• Exercise description:
Copying exactly, give the lines in the material below from the one with "Cr = theta(2);%max(min(theta(2), 1e5), 5000);" to the one with "Slipvinkel framhjul [rad]", ends included, and nothing besides.

⟨

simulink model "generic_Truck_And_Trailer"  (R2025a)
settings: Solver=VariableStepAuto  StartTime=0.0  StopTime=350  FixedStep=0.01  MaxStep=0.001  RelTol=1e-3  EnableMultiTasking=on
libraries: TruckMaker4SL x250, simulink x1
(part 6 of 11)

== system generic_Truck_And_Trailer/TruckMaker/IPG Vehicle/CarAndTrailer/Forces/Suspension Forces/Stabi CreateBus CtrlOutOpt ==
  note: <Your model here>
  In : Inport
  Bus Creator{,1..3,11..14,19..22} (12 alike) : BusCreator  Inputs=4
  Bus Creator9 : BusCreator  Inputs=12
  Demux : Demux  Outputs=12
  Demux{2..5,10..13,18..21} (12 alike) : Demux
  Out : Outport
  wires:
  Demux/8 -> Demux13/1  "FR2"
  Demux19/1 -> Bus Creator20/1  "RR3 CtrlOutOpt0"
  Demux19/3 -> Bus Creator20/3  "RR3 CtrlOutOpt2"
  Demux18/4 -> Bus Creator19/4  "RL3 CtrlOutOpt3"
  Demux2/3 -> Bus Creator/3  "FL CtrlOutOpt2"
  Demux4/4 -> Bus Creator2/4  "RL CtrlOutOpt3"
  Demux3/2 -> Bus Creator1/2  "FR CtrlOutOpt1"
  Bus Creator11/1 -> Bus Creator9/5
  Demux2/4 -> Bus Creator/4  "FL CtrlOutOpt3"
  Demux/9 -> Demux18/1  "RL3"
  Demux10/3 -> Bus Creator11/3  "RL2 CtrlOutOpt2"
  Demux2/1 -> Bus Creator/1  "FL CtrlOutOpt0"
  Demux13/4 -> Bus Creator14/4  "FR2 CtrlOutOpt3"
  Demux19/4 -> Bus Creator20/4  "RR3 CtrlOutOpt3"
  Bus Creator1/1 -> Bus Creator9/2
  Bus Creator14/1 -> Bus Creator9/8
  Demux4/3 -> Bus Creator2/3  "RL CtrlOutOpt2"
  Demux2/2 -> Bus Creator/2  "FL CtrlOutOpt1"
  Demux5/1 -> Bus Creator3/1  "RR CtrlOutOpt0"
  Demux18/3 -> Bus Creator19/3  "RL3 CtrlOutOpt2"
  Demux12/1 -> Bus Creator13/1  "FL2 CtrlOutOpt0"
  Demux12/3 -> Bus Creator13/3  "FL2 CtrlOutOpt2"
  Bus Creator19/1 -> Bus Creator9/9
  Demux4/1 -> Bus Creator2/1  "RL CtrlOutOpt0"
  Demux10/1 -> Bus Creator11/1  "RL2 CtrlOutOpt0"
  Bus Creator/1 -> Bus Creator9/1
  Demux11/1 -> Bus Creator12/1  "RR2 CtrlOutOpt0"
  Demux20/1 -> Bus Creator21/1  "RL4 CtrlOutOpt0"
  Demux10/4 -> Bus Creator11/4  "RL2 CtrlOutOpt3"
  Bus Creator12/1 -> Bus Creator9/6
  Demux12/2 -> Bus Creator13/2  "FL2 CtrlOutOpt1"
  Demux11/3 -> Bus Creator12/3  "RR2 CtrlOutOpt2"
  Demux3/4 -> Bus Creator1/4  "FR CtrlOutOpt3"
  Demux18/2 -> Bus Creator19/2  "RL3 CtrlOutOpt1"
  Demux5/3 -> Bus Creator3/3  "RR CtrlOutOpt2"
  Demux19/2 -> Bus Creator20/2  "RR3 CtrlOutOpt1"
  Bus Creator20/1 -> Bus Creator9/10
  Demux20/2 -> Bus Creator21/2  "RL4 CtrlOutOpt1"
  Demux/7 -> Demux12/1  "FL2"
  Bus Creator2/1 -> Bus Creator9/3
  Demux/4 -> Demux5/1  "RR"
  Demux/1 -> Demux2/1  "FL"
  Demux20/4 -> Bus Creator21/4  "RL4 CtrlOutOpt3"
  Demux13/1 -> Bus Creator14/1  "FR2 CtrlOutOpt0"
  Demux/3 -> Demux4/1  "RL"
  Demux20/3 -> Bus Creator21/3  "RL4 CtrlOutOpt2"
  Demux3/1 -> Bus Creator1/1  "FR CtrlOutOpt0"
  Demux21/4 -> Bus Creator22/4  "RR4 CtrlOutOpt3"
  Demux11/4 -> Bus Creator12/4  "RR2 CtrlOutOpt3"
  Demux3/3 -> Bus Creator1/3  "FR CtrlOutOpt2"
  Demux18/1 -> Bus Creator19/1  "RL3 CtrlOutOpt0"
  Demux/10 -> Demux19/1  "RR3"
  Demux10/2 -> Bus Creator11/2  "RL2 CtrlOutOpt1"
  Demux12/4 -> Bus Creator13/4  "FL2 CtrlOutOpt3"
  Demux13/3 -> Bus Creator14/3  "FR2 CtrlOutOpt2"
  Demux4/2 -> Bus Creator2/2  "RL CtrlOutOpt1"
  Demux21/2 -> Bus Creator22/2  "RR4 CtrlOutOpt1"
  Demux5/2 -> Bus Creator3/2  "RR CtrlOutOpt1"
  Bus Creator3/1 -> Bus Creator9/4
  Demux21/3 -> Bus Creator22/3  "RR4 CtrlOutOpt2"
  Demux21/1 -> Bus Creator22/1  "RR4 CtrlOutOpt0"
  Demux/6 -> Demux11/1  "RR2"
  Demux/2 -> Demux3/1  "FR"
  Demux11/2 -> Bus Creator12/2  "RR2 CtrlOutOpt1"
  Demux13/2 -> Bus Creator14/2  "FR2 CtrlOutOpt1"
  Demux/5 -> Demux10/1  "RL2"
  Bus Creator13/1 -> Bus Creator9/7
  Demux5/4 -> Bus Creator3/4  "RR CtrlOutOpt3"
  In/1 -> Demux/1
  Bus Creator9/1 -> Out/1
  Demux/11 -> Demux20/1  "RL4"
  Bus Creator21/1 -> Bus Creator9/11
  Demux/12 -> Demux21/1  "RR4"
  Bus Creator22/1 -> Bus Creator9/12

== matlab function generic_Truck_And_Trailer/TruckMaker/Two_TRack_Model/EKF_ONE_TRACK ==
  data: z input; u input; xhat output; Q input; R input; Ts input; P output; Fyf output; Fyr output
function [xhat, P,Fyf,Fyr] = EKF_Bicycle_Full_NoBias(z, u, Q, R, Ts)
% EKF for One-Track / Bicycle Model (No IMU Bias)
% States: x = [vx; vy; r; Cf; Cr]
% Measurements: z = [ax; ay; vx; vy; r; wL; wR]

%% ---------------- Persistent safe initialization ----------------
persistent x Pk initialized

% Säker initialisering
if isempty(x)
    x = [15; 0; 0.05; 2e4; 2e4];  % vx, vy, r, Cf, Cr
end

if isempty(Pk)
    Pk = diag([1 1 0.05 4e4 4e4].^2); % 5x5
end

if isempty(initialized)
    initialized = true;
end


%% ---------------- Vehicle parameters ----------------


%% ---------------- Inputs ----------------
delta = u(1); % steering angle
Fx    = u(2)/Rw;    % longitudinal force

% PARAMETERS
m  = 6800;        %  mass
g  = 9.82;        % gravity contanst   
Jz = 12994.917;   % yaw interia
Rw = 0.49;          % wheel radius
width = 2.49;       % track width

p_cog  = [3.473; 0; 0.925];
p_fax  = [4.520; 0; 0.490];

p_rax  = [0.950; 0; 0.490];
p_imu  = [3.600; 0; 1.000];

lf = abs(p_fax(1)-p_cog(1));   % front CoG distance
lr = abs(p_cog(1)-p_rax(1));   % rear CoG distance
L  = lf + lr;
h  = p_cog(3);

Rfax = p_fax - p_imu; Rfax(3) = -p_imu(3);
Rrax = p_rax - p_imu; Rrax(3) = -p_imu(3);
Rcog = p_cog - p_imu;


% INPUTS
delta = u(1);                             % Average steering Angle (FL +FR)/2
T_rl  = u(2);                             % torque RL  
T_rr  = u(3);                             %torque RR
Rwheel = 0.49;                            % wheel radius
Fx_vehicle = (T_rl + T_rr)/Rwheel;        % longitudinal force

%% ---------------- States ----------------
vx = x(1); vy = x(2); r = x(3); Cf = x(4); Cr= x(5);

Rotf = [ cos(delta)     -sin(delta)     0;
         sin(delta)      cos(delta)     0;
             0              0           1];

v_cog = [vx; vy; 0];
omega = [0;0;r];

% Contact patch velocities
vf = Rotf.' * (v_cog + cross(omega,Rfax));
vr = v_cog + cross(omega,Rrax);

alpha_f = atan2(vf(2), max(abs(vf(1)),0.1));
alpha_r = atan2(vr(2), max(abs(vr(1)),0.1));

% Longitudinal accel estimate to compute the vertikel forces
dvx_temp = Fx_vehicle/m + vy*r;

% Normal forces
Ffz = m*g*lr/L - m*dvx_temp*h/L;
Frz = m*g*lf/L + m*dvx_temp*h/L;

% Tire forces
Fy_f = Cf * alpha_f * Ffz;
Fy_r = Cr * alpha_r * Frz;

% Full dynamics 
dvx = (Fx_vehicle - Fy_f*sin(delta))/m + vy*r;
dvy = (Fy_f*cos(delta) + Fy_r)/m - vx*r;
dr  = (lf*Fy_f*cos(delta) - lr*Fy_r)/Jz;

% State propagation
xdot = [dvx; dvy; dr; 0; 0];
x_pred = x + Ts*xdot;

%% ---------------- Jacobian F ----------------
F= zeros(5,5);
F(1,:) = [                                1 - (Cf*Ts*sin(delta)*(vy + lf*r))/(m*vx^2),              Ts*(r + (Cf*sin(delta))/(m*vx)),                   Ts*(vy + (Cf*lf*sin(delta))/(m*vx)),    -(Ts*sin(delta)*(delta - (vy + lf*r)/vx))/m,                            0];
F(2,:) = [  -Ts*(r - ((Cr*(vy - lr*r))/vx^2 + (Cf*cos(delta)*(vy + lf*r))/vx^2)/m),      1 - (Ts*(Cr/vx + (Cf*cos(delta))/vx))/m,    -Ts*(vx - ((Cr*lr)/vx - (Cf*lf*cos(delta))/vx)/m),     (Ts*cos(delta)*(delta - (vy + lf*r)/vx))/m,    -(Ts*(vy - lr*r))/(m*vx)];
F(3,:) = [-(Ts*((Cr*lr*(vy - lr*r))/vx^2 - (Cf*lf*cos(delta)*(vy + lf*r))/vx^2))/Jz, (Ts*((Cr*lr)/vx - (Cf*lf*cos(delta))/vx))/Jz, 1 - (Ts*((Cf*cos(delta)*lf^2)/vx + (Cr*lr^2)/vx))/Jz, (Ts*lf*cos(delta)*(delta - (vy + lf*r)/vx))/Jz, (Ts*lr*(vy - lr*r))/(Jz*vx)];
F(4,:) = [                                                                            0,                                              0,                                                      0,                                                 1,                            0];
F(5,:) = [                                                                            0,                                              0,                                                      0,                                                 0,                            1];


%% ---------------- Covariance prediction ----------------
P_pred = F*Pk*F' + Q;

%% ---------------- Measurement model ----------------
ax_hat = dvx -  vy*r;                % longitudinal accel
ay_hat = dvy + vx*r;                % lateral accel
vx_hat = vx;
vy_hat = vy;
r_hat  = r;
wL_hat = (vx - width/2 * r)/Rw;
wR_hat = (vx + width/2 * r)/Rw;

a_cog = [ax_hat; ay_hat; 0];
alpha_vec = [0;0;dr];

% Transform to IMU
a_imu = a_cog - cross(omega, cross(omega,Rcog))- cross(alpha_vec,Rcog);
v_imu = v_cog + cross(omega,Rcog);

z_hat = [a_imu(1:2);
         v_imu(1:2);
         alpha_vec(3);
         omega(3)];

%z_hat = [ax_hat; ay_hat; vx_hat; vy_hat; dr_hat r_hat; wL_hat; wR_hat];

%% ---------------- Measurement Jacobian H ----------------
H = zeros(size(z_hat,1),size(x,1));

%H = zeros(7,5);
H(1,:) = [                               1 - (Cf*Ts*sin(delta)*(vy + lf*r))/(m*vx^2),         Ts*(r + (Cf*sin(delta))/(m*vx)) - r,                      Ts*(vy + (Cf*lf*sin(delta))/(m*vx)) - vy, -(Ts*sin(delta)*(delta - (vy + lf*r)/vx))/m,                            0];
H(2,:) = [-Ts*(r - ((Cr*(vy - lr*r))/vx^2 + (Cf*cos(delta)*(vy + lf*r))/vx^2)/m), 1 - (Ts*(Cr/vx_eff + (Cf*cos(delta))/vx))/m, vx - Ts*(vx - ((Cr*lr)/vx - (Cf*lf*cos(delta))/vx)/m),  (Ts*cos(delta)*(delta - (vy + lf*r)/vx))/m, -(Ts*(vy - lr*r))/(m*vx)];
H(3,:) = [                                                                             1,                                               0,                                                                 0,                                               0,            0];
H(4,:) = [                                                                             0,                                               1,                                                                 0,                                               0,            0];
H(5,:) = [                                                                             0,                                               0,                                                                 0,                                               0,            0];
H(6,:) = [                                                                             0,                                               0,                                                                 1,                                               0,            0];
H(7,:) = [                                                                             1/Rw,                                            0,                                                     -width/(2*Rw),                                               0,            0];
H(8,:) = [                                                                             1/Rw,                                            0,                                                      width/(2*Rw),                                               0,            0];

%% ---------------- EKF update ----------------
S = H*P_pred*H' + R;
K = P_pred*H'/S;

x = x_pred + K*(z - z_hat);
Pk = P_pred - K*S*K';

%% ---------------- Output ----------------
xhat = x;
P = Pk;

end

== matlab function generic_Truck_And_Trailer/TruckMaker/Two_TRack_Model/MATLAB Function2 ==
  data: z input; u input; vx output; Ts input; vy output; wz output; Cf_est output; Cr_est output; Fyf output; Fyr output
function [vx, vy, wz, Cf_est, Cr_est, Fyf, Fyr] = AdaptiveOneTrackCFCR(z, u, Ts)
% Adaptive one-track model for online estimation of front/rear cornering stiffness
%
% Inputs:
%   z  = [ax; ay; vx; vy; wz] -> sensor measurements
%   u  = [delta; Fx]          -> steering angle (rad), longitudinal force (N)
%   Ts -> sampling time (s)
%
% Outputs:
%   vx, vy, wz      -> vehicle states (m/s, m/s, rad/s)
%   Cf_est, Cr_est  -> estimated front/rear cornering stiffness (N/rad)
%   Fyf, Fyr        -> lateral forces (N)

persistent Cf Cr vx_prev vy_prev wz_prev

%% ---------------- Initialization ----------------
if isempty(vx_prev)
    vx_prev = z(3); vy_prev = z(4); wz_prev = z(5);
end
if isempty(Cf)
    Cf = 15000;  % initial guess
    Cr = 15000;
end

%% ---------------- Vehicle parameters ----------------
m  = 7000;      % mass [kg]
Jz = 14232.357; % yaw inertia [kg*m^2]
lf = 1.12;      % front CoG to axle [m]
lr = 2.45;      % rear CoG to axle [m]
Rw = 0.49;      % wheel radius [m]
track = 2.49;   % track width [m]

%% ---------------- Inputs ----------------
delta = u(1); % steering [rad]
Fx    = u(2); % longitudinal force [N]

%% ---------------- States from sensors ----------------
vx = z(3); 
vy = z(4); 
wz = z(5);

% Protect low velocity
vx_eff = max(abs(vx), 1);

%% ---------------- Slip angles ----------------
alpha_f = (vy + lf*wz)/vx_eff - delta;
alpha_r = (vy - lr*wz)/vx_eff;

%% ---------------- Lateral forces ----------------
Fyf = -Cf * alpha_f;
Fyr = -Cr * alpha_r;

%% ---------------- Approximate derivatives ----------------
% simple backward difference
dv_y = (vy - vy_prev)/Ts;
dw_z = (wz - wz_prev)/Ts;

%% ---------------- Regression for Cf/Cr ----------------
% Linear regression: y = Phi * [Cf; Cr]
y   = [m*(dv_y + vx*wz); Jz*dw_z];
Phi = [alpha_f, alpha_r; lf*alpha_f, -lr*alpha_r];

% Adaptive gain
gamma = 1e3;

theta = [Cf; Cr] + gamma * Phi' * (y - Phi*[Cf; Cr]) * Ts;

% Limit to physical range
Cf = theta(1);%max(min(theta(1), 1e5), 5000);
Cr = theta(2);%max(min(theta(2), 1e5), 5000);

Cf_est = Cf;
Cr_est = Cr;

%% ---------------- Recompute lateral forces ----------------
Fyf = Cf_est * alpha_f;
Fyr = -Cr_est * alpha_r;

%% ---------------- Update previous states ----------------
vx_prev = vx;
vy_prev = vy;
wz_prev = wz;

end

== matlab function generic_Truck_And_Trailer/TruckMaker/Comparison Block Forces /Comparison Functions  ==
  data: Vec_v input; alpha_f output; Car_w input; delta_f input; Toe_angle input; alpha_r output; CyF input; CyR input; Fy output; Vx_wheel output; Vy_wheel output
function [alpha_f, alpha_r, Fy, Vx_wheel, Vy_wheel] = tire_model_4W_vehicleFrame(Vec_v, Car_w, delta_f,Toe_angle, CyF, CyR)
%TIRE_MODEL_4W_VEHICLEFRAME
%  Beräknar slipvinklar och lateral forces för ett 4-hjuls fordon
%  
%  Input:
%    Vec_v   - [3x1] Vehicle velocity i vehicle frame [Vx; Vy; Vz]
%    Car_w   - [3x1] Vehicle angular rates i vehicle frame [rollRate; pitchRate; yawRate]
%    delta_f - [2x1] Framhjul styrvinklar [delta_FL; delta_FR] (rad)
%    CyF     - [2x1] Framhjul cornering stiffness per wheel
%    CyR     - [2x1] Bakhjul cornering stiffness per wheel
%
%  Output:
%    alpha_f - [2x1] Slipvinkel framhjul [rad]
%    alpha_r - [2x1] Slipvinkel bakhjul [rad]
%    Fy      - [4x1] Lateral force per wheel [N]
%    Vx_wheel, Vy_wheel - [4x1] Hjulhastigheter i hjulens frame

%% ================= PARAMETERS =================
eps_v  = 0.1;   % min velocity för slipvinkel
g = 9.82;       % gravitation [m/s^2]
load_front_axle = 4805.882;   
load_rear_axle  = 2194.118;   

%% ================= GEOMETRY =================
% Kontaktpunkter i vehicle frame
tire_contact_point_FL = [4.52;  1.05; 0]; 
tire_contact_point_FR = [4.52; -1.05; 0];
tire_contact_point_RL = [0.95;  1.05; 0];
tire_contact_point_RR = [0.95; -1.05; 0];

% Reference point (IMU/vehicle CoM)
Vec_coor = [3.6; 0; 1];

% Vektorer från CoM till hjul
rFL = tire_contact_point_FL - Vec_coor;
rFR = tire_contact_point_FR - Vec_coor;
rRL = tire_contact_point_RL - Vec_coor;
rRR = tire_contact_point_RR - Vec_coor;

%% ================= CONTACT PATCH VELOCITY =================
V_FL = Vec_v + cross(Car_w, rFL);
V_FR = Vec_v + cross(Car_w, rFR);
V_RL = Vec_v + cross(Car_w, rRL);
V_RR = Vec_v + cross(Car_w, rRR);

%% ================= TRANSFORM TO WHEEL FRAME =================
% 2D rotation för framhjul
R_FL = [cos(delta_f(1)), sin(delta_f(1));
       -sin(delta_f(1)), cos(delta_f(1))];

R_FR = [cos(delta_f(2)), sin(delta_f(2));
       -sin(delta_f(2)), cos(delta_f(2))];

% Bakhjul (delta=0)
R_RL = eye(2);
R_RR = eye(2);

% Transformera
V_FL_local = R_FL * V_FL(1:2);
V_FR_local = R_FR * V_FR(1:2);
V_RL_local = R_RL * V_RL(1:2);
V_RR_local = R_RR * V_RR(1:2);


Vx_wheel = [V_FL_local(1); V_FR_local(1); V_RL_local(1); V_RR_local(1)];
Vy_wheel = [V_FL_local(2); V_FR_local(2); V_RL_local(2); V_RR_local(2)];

⟩

• Result for this exercise:
Cr = theta(2);%max(min(theta(2), 1e5), 5000);

Cf_est = Cf;
Cr_est = Cr;

%% ---------------- Recompute lateral forces ----------------
Fyf = Cf_est * alpha_f;
Fyr = -Cr_est * alpha_r;

%% ---------------- Update previous states ----------------
vx_prev = vx;
vy_prev = vy;
wz_prev = wz;

end

== matlab function generic_Truck_And_Trailer/TruckMaker/Comparison Block Forces /Comparison Functions  ==
  data: Vec_v input; alpha_f output; Car_w input; delta_f input; Toe_angle input; alpha_r output; CyF input; CyR input; Fy output; Vx_wheel output; Vy_wheel output
function [alpha_f, alpha_r, Fy, Vx_wheel, Vy_wheel] = tire_model_4W_vehicleFrame(Vec_v, Car_w, delta_f,Toe_angle, CyF, CyR)
%TIRE_MODEL_4W_VEHICLEFRAME
%  Beräknar slipvinklar och lateral forces för ett 4-hjuls fordon
%  
%  Input:
%    Vec_v   - [3x1] Vehicle velocity i vehicle frame [Vx; Vy; Vz]
%    Car_w   - [3x1] Vehicle angular rates i vehicle frame [rollRate; pitchRate; yawRate]
%    delta_f - [2x1] Framhjul styrvinklar [delta_FL; delta_FR] (rad)
%    CyF     - [2x1] Framhjul cornering stiffness per wheel
%    CyR     - [2x1] Bakhjul cornering stiffness per wheel
%
%  Output:
%    alpha_f - [2x1] Slipvinkel framhjul [rad]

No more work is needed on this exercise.